Die württembergische Praxis, Güter nicht zu verleihen, sondern zu verkaufen, machte auch vor den großen Klostergütern, die 1651 verkauft wurden, nicht halt: Der Urbarzins wurde für alle vier Güter - also Gastherberg, Klostermühle und die beiden Meiereien - einheitlich auf 1 fl jährlich festgelegt, während für Handlohn und Weglöse jeweils 1 fl zu entrichten war (XXI). Beide Zinssätze waren vergleichsweise günstig, doch werden wir im 3. Abschnitt sehen, dass die Eigentümer der Klostergüter kräftig zur neu eingeführten Katharinensteuer herangezogen wurden. Zunächst aber zu einer Abgabenform, die eine ähnlich lange Tradition aufweist wie der Ewige Zins, nämlich zu den verschiedenen Zehnten, die im Klosteramt eingefordert wurden.


2.2 Die Zehnten: Großer Zehnt, Heu- und Öhmdzehnt, Kleiner Zehnt, Kleiner lebendiger Zehnt  
 
Die Zehnten lassen sich wahrscheinlich zurückführen auf die mosaischen Gesetze der Juden, die in Lev (3. Mose) 27, 30ff. vorschreiben: "Alle Zehnten im Lande, von Samen des Landes und von Früchten der Bäume sind des Herrn ... und alle Zehnten von Rindern und Schafen, von allem was unter dem Hirtenstab geht, das ist ein heiliger Zehnt dem Herrn". Schon im frühen Mittelalter wurden im christlichen Europa allenthalben Zehnten erhoben; sie dienten dem Unterhalt der Kirche, ihres Personals, ihrer Einrichtungen und Aktivitäten (z. B. Armenpflege, Krankenpflege). Nach der Reformation standen in den protestantischen Ländern die Zehnten dem Landesherrn zu, der für den Unterhalt der jeweiligen Landeskirche nun von Staats wegen sorgte.

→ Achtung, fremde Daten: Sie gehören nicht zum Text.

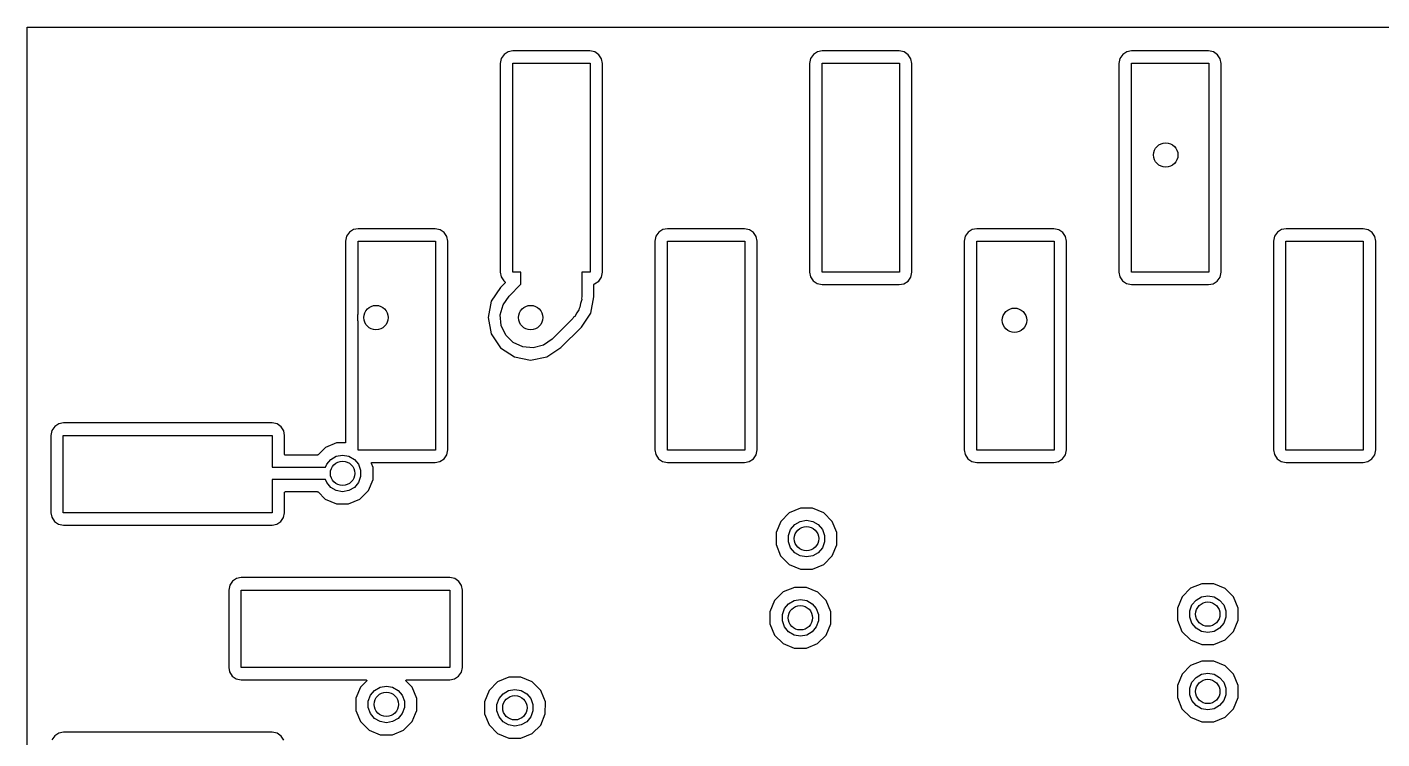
# Model space of a CAD drawing. Extents: x -2.5 to 32.5, y -2.5 to 32.5.
# Drawn here: x -2.5 to 19.75, y 20.81 to 32.5 of the extents above; entities that cross this region are included whole.
import ezdxf

# ---------------------------------------------------------------- set-up
doc = ezdxf.new("R2010")
doc.units = 0
doc.header["$MEASUREMENT"] = 0
doc.layers.add('BLACK', color=7, linetype='CONTINUOUS')

msp = doc.modelspace()

# ---------------------------------------------------------------- linework, layer by layer
at = {"layer": 'Black'}
for p, q in [((-2.5, 32.4873), (-2.49981, 32.4884)), ((-2.5, 25.795), (-2.5, 32.4873)), ((-2.49981, 32.4895), (-2.49943, 32.4905)), ((-2.49981, 32.4884), (-2.49981, 32.4895)), ((-2.49943, 32.4905), (-2.49923, 32.4916)), ((-2.49923, 32.4916), (-2.49868, 32.4926)), ((-2.49868, 32.4926), (-2.4983, 32.4936)), ((-2.4983, 32.4936), (-2.49758, 32.4945)), ((-2.49758, 32.4945), (-2.49703, 32.4955)), ((-2.49703, 32.4955), (-2.49618, 32.4962)), ((-2.49618, 32.4962), (-2.49546, 32.497)), ((-2.49546, 32.497), (-2.4945, 32.4976)), ((-2.4945, 32.4976), (-2.49365, 32.4983)), ((-2.49365, 32.4983), (-2.4926, 32.4987)), ((-2.4926, 32.4987), (-2.49164, 32.4992)), ((-2.49164, 32.4992), (-2.49055, 32.4994)), ((-2.49055, 32.4994), (-2.4895, 32.4998)), ((-2.4895, 32.4998), (-2.48839, 32.4998)), ((-2.48839, 32.4998), (-2.4873, 32.5)), ((-2.4873, 32.5), (32.4873, 32.5)), ((5.33282, 32.0512), (5.28715, 31.9843)), ((5.40096, 32.095), (5.33282, 32.0512)), ((5.47618, 32.1092), (5.40096, 32.095)), ((6.74373, 32.1092), (5.47618, 32.1092)), ((6.82433, 32.0928), (6.74373, 32.1092)), ((6.89116, 32.0472), (6.82433, 32.0928)), ((6.93501, 31.979), (6.89116, 32.0472)), ((10.4128, 32.0512), (10.3672, 31.9843)), ((10.481, 32.095), (10.4128, 32.0512)), ((10.5562, 32.1092), (10.481, 32.095)), ((11.8237, 32.1092), (10.5562, 32.1092)), ((11.9043, 32.0928), (11.8237, 32.1092)), ((11.9712, 32.0472), (11.9043, 32.0928)), ((12.015, 31.979), (11.9712, 32.0472)), ((15.4928, 32.0512), (15.4472, 31.9843)), ((15.561, 32.095), (15.4928, 32.0512)), ((15.6362, 32.1092), (15.561, 32.095)), ((16.9037, 32.1092), (15.6362, 32.1092)), ((16.9843, 32.0928), (16.9037, 32.1092)), ((17.0512, 32.0472), (16.9843, 32.0928)), ((17.095, 31.979), (17.0512, 32.0472)), ((5.28715, 31.9843), (5.27083, 31.9037)), ((5.27083, 31.9037), (5.27083, 28.4762)), ((5.475, 28.475), (5.475, 31.905)), ((5.475, 31.905), (6.745, 31.905)), ((6.745, 31.905), (6.745, 28.475)), ((6.94917, 31.9038), (6.93501, 31.979)), ((6.94917, 28.985), (6.94917, 31.9038)), ((10.3672, 31.9843), (10.3508, 31.9037)), ((10.3508, 31.9037), (10.3508, 28.4762)), ((10.555, 28.475), (10.555, 31.905)), ((10.555, 31.905), (11.825, 31.905)), ((11.825, 31.905), (11.825, 28.475)), ((12.0292, 31.9038), (12.015, 31.979)), ((12.0292, 28.985), (12.0292, 31.9038)), ((15.4472, 31.9843), (15.4308, 31.9037)), ((15.4308, 31.9037), (15.4308, 28.4762)), ((15.635, 28.475), (15.635, 31.905)), ((15.635, 31.905), (16.905, 31.905)), ((16.905, 31.905), (16.905, 28.475)), ((17.1092, 31.9038), (17.095, 31.979)), ((17.1092, 28.985), (17.1092, 31.9038)), ((2.86096, 29.175), (2.79282, 29.1312)), ((2.93618, 29.1892), (2.86096, 29.175)), ((4.20373, 29.1892), (2.93618, 29.1892)), ((4.28433, 29.1728), (4.20373, 29.1892)), ((4.35116, 29.1272), (4.28433, 29.1728)), ((7.94096, 29.175), (7.87282, 29.1312)), ((8.01618, 29.1892), (7.94096, 29.175)), ((9.28373, 29.1892), (8.01618, 29.1892)), ((9.36433, 29.1728), (9.28373, 29.1892)), ((9.43116, 29.1272), (9.36433, 29.1728)), ((13.021, 29.175), (12.9528, 29.1312)), ((13.0962, 29.1892), (13.021, 29.175)), ((14.3637, 29.1892), (13.0962, 29.1892)), ((14.4443, 29.1728), (14.3637, 29.1892)), ((14.5112, 29.1272), (14.4443, 29.1728)), ((18.101, 29.175), (18.0328, 29.1312)), ((18.1762, 29.1892), (18.101, 29.175)), ((19.4437, 29.1892), (18.1762, 29.1892)), ((19.5243, 29.1728), (19.4437, 29.1892)), ((19.5912, 29.1272), (19.5243, 29.1728)), ((2.74715, 29.0643), (2.73083, 28.9837)), ((2.73083, 28.9837), (2.73083, 27.8342)), ((2.79282, 29.1312), (2.74715, 29.0643)), ((2.935, 27.7866), (2.935, 28.985)), ((2.935, 28.985), (4.205, 28.985)), ((4.205, 28.985), (4.205, 25.555)), ((4.39501, 29.059), (4.35116, 29.1272)), ((4.40917, 28.9838), (4.39501, 29.059)), ((4.40917, 27.73), (4.40917, 28.9838)), ((6.94917, 28.4763), (6.94917, 28.985)), ((7.82715, 29.0643), (7.81083, 28.9837)), ((7.81083, 28.9837), (7.81083, 25.5562)), ((7.87282, 29.1312), (7.82715, 29.0643)), ((8.015, 25.555), (8.015, 28.985)), ((8.015, 28.985), (9.285, 28.985)), ((9.285, 28.985), (9.285, 25.555)), ((9.47501, 29.059), (9.43116, 29.1272)), ((9.48917, 28.9838), (9.47501, 29.059)), ((9.48917, 25.5563), (9.48917, 28.9838)), ((12.0292, 28.4763), (12.0292, 28.985)), ((12.9072, 29.0643), (12.8908, 28.9837)), ((12.8908, 28.9837), (12.8908, 25.5562)), ((12.9528, 29.1312), (12.9072, 29.0643)), ((13.095, 25.555), (13.095, 28.985)), ((13.095, 28.985), (14.365, 28.985)), ((14.365, 28.985), (14.365, 25.555)), ((14.555, 29.059), (14.5112, 29.1272)), ((14.5692, 28.9838), (14.555, 29.059)), ((14.5692, 25.5563), (14.5692, 28.9838)), ((17.1092, 28.4763), (17.1092, 28.985)), ((17.9872, 29.0643), (17.9708, 28.9837)), ((17.9708, 28.9837), (17.9708, 25.5562)), ((18.0328, 29.1312), (17.9872, 29.0643)), ((18.175, 25.555), (18.175, 28.985)), ((18.175, 28.985), (19.445, 28.985)), ((19.445, 28.985), (19.445, 25.555)), ((19.635, 29.059), (19.5912, 29.1272)), ((19.6492, 28.9838), (19.635, 29.059)), ((19.6492, 25.5563), (19.6492, 28.9838)), ((5.27083, 28.4762), (5.28499, 28.401)), ((5.35011, 28.3001), (5.27591, 28.2259)), ((5.28499, 28.401), (5.32884, 28.3328)), ((5.32884, 28.3328), (5.34829, 28.3195)), ((5.34829, 28.3195), (5.34835, 28.3195)), ((5.34835, 28.3195), (5.34841, 28.3194)), ((5.34841, 28.3194), (5.34992, 28.3179)), ((5.34992, 28.3179), (5.35145, 28.3164)), ((5.35015, 28.3001), (5.35011, 28.3001)), ((5.35021, 28.3002), (5.35015, 28.3001)), ((5.35146, 28.302), (5.35021, 28.3002)), ((5.35145, 28.3164), (5.35148, 28.3164)), ((5.35264, 28.3037), (5.35146, 28.302)), ((5.35148, 28.3164), (5.35153, 28.3163)), ((5.35153, 28.3163), (5.35243, 28.3144)), ((5.35243, 28.3144), (5.35336, 28.3125)), ((5.35266, 28.3037), (5.35264, 28.3037)), ((5.3527, 28.3038), (5.35266, 28.3037)), ((5.35324, 28.3059), (5.3527, 28.3038)), ((5.35378, 28.3079), (5.35324, 28.3059)), ((5.35336, 28.3125), (5.35337, 28.3124)), ((5.35337, 28.3124), (5.3534, 28.3123)), ((5.3534, 28.3123), (5.35358, 28.3102)), ((5.35358, 28.3102), (5.35379, 28.3081)), ((5.35379, 28.3081), (5.35377, 28.308)), ((5.35377, 28.308), (5.35378, 28.3079)), ((5.41645, 28.0836), (5.61, 28.2771)), ((5.61, 28.475), (5.475, 28.475)), ((5.61, 28.2771), (5.61, 28.475)), ((6.745, 28.475), (6.61, 28.475)), ((6.61, 28.475), (6.61, 28.07)), ((6.81, 28.2728), (6.81037, 28.2748)), ((6.81, 28.0712), (6.81, 28.2728)), ((6.81037, 28.2748), (6.81072, 28.277)), ((6.81072, 28.277), (6.81075, 28.277)), ((6.81075, 28.277), (6.81077, 28.2771)), ((6.81077, 28.2771), (6.81184, 28.279)), ((6.81184, 28.279), (6.81288, 28.2808)), ((6.81288, 28.2808), (6.81293, 28.2809)), ((6.81293, 28.2809), (6.81297, 28.2809)), ((6.81297, 28.2809), (6.8146, 28.2823)), ((6.8146, 28.2823), (6.81622, 28.2837)), ((6.81622, 28.2837), (6.81629, 28.2837)), ((6.81629, 28.2837), (6.81635, 28.2838)), ((6.81635, 28.2838), (6.81812, 28.2844)), ((6.81812, 28.2844), (6.88718, 28.3288)), ((6.88718, 28.3288), (6.93284, 28.3957)), ((6.93284, 28.3957), (6.94917, 28.4763)), ((10.3508, 28.4762), (10.365, 28.401)), ((10.365, 28.401), (10.4088, 28.3328)), ((10.4088, 28.3328), (10.4757, 28.2872)), ((10.4757, 28.2872), (10.5563, 28.2708)), ((11.825, 28.475), (10.555, 28.475)), ((10.5563, 28.2708), (11.8238, 28.2708)), ((11.8238, 28.2708), (11.899, 28.285)), ((11.899, 28.285), (11.9672, 28.3288)), ((11.9672, 28.3288), (12.0128, 28.3957)), ((12.0128, 28.3957), (12.0292, 28.4763)), ((15.4308, 28.4762), (15.445, 28.401)), ((15.445, 28.401), (15.4888, 28.3328)), ((15.4888, 28.3328), (15.5557, 28.2872)), ((15.5557, 28.2872), (15.6363, 28.2708)), ((16.905, 28.475), (15.635, 28.475)), ((15.6363, 28.2708), (16.9038, 28.2708)), ((16.9038, 28.2708), (16.979, 28.285)), ((16.979, 28.285), (17.0472, 28.3288)), ((17.0472, 28.3288), (17.0928, 28.3957)), ((17.0928, 28.3957), (17.1092, 28.4763)), ((5.27591, 28.2259), (5.12351, 27.9978)), ((5.31685, 27.9413), (5.41645, 28.0836)), ((6.61, 28.07), (6.60618, 28.0483)), ((6.60618, 28.0483), (6.6081, 28.0264)), ((6.75649, 27.8022), (6.81, 28.0712)), ((2.73009, 27.83), (2.72991, 27.6309)), ((2.7304, 27.8318), (2.73009, 27.83)), ((2.73082, 27.8337), (2.7304, 27.8318)), ((2.73083, 27.8342), (2.73078, 27.8339)), ((2.73078, 27.8339), (2.73082, 27.8337)), ((5.12351, 27.9978), (5.07025, 27.73)), ((5.2719, 27.7736), (5.31685, 27.9413)), ((6.56315, 27.8587), (6.52568, 27.8052)), ((6.56885, 27.8799), (6.56315, 27.8587)), ((6.57985, 27.899), (6.56885, 27.8799)), ((6.59119, 27.9633), (6.57985, 27.899)), ((6.6081, 28.0264), (6.59119, 27.9633)), ((2.72991, 27.6309), (2.72993, 27.6308)), ((2.72993, 27.6308), (2.73007, 27.6306)), ((2.73007, 27.6306), (2.7304, 27.6287)), ((2.7304, 27.6287), (2.73082, 27.6268)), ((2.73082, 27.6268), (2.73079, 27.6265)), ((2.73079, 27.6265), (2.73083, 27.6262)), ((2.73083, 27.6262), (2.73083, 25.6841)), ((2.93343, 27.7823), (2.935, 27.7866)), ((2.93343, 27.6777), (2.93343, 27.7823)), ((2.935, 27.6734), (2.93343, 27.6777)), ((2.935, 25.555), (2.935, 27.6734)), ((4.40917, 25.5563), (4.40917, 27.73)), ((5.07025, 27.73), (5.12351, 27.4622)), ((5.28704, 27.6006), (5.2719, 27.7736)), ((5.36042, 27.4432), (5.28704, 27.6006)), ((6.46355, 27.7164), (6.12355, 27.3764)), ((6.47617, 27.7345), (6.46355, 27.7164)), ((6.49302, 27.7486), (6.47617, 27.7345)), ((6.52568, 27.8052), (6.49302, 27.7486)), ((6.60409, 27.5741), (6.75649, 27.8022)), ((5.12351, 27.4622), (5.2752, 27.2352)), ((5.48321, 27.3204), (5.36042, 27.4432)), ((6.12355, 27.3764), (5.98131, 27.2768)), ((6.26586, 27.2359), (6.60409, 27.5741)), ((5.2752, 27.2352), (5.50222, 27.0835)), ((5.64059, 27.247), (5.48321, 27.3204)), ((5.81358, 27.2319), (5.64059, 27.247)), ((5.98131, 27.2768), (5.81358, 27.2319)), ((6.03778, 27.0835), (6.26586, 27.2359)), ((5.50222, 27.0835), (5.77, 27.0302)), ((5.77, 27.0302), (6.03778, 27.0835)), ((-2.09285, 25.8743), (-2.10917, 25.7937)), ((-2.04718, 25.9412), (-2.09285, 25.8743)), ((-1.97904, 25.985), (-2.04718, 25.9412)), ((-1.90382, 25.9992), (-1.97904, 25.985)), ((1.52373, 25.9992), (-1.90382, 25.9992)), ((1.60433, 25.9828), (1.52373, 25.9992)), ((1.67116, 25.9372), (1.60433, 25.9828)), ((1.71501, 25.869), (1.67116, 25.9372)), ((1.72917, 25.7938), (1.71501, 25.869)), ((-2.5, 23.9985), (-2.5, 25.795)), ((-2.10917, 25.7937), (-2.10917, 24.5262)), ((-1.905, 24.525), (-1.905, 25.795)), ((-1.905, 25.795), (1.525, 25.795)), ((1.525, 25.795), (1.525, 25.2714)), ((1.72917, 25.4841), (1.72917, 25.7938)), ((2.39823, 25.5956), (2.2776, 25.4751)), ((2.58206, 25.6715), (2.39823, 25.5956)), ((2.71812, 25.6714), (2.58206, 25.6715)), ((2.71922, 25.6716), (2.71812, 25.6714)), ((2.72034, 25.6716), (2.71922, 25.6716)), ((2.72138, 25.672), (2.72034, 25.6716)), ((2.72247, 25.6722), (2.72138, 25.672)), ((2.72343, 25.6727), (2.72247, 25.6722)), ((2.72448, 25.6731), (2.72343, 25.6727)), ((2.72533, 25.6738), (2.72448, 25.6731)), ((2.72629, 25.6744), (2.72533, 25.6738)), ((2.727, 25.6752), (2.72629, 25.6744)), ((2.72786, 25.6759), (2.727, 25.6752)), ((2.72842, 25.6769), (2.72786, 25.6759)), ((2.72913, 25.6777), (2.72842, 25.6769)), ((2.72951, 25.6788), (2.72913, 25.6777)), ((2.73007, 25.6797), (2.72951, 25.6788)), ((2.73026, 25.6808), (2.73007, 25.6797)), ((2.73064, 25.6819), (2.73026, 25.6808)), ((2.73083, 25.6841), (2.73064, 25.683)), ((2.73064, 25.683), (2.73064, 25.6819)), ((1.72936, 25.483), (1.72917, 25.4841)), ((1.72936, 25.4819), (1.72936, 25.483)), ((1.72974, 25.4809), (1.72936, 25.4819)), ((1.72993, 25.4798), (1.72974, 25.4809)), ((1.73049, 25.4788), (1.72993, 25.4798)), ((1.73087, 25.4778), (1.73049, 25.4788)), ((1.73158, 25.4769), (1.73087, 25.4778)), ((1.73214, 25.476), (1.73158, 25.4769)), ((1.73299, 25.4752), (1.73214, 25.476)), ((1.7337, 25.4744), (1.73299, 25.4752)), ((1.73466, 25.4738), (1.7337, 25.4744)), ((1.73552, 25.4731), (1.73466, 25.4738)), ((1.73656, 25.4727), (1.73552, 25.4731)), ((1.73752, 25.4722), (1.73656, 25.4727)), ((1.73862, 25.472), (1.73752, 25.4722)), ((1.73966, 25.4716), (1.73862, 25.472)), ((1.74077, 25.4716), (1.73966, 25.4716)), ((1.74187, 25.4714), (1.74077, 25.4716)), ((2.26863, 25.4714), (1.74187, 25.4714)), ((2.26917, 25.4715), (2.26863, 25.4714)), ((2.26973, 25.4715), (2.26917, 25.4715)), ((2.27134, 25.4719), (2.26973, 25.4715)), ((2.27297, 25.4722), (2.27134, 25.4719)), ((2.27345, 25.4725), (2.27297, 25.4722)), ((2.27399, 25.4726), (2.27345, 25.4725)), ((2.27535, 25.4736), (2.27399, 25.4726)), ((2.27679, 25.4744), (2.27535, 25.4736)), ((2.27715, 25.4748), (2.27679, 25.4744)), ((2.2776, 25.4751), (2.27715, 25.4748)), ((2.42028, 25.322), (2.48751, 25.4021)), ((2.48751, 25.4021), (2.57809, 25.4544)), ((2.57809, 25.4544), (2.68108, 25.4726)), ((2.68108, 25.4726), (2.78408, 25.4544)), ((2.78408, 25.4544), (2.87466, 25.4021)), ((2.87466, 25.4021), (2.94189, 25.322)), ((4.205, 25.555), (2.935, 25.555)), ((4.27904, 25.365), (4.34718, 25.4088)), ((4.34718, 25.4088), (4.39284, 25.4757)), ((4.39284, 25.4757), (4.40917, 25.5563)), ((7.81083, 25.5562), (7.82499, 25.481)), ((7.82499, 25.481), (7.86884, 25.4128)), ((7.86884, 25.4128), (7.93567, 25.3672)), ((7.93567, 25.3672), (8.01627, 25.3508)), ((9.285, 25.555), (8.015, 25.555)), ((9.35904, 25.365), (9.42718, 25.4088)), ((9.42718, 25.4088), (9.47284, 25.4757)), ((9.47284, 25.4757), (9.48917, 25.5563)), ((12.8908, 25.5562), (12.905, 25.481)), ((12.905, 25.481), (12.9488, 25.4128)), ((12.9488, 25.4128), (13.0157, 25.3672)), ((13.0157, 25.3672), (13.0963, 25.3508)), ((14.365, 25.555), (13.095, 25.555)), ((14.439, 25.365), (14.5072, 25.4088)), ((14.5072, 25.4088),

Das war auch im württembergischen Klosteramt Reichenbach so. Dort wurden von alters her die folgenden drei Zehnten erhoben:

  • Großer Fruchtzehnt von allem, "was der Halm trägt", also vom Getreide; im Lagerbuch 1667/68 werden im einzelnen genannt: Roggen, Vesen (= Dinkel), Hafer und Gerste.
  • Kleiner Zehnt "an allerley Obs, Rüeben, Kraut, Zwibel, Hirschen (Hirse?), Flachs und Hanf".
  • Kleiner lebendiger Zehnt. Er wurde, zumindest in der Zeit des Lagerbuchs, in Geld eingezogen, wobei für ein Füllen 2 x, für ein Ferkel 1 x, für ein Kalb 3 h und für Honig und Wachs pro Bienenschwarm ebenfalls 3 h berechnet wurden.

Ausgenommen von dieser Regelung waren Hochdorf und Obermusbach, sonst galt sie für alle Klosterdörfer und wurde 1620 ff. auch auf die Neubürger Reichenbachs, 1651 auf die neuen Eigentümer der verkauften Klostergüter (XII, XIII, XXI, XXXV) und im 18. Jahrhundert wohl auch auf die Taglöhner der Holzhauersiedlungen ausgeweitet, jedenfalls war das auf dem Silberbuckel und im Roten Rain von Huzenbach so (XXVIII, XXXVI).

Die Reichenbacher Neubürger, nicht jedoch die Besitzer der großen Klostergüter, wohl aber die Taglöhner in Huzenbach hatten noch einen weiteren Zehnten zu entrichten, den es in der Klosterzeit nicht gab: den Heu- und Öhmdzehnt, also den Zehnten vom jährlichen Ertrag der ersten und der zweiten Heuernte (XII, XIII, XXVIII, XXXVI).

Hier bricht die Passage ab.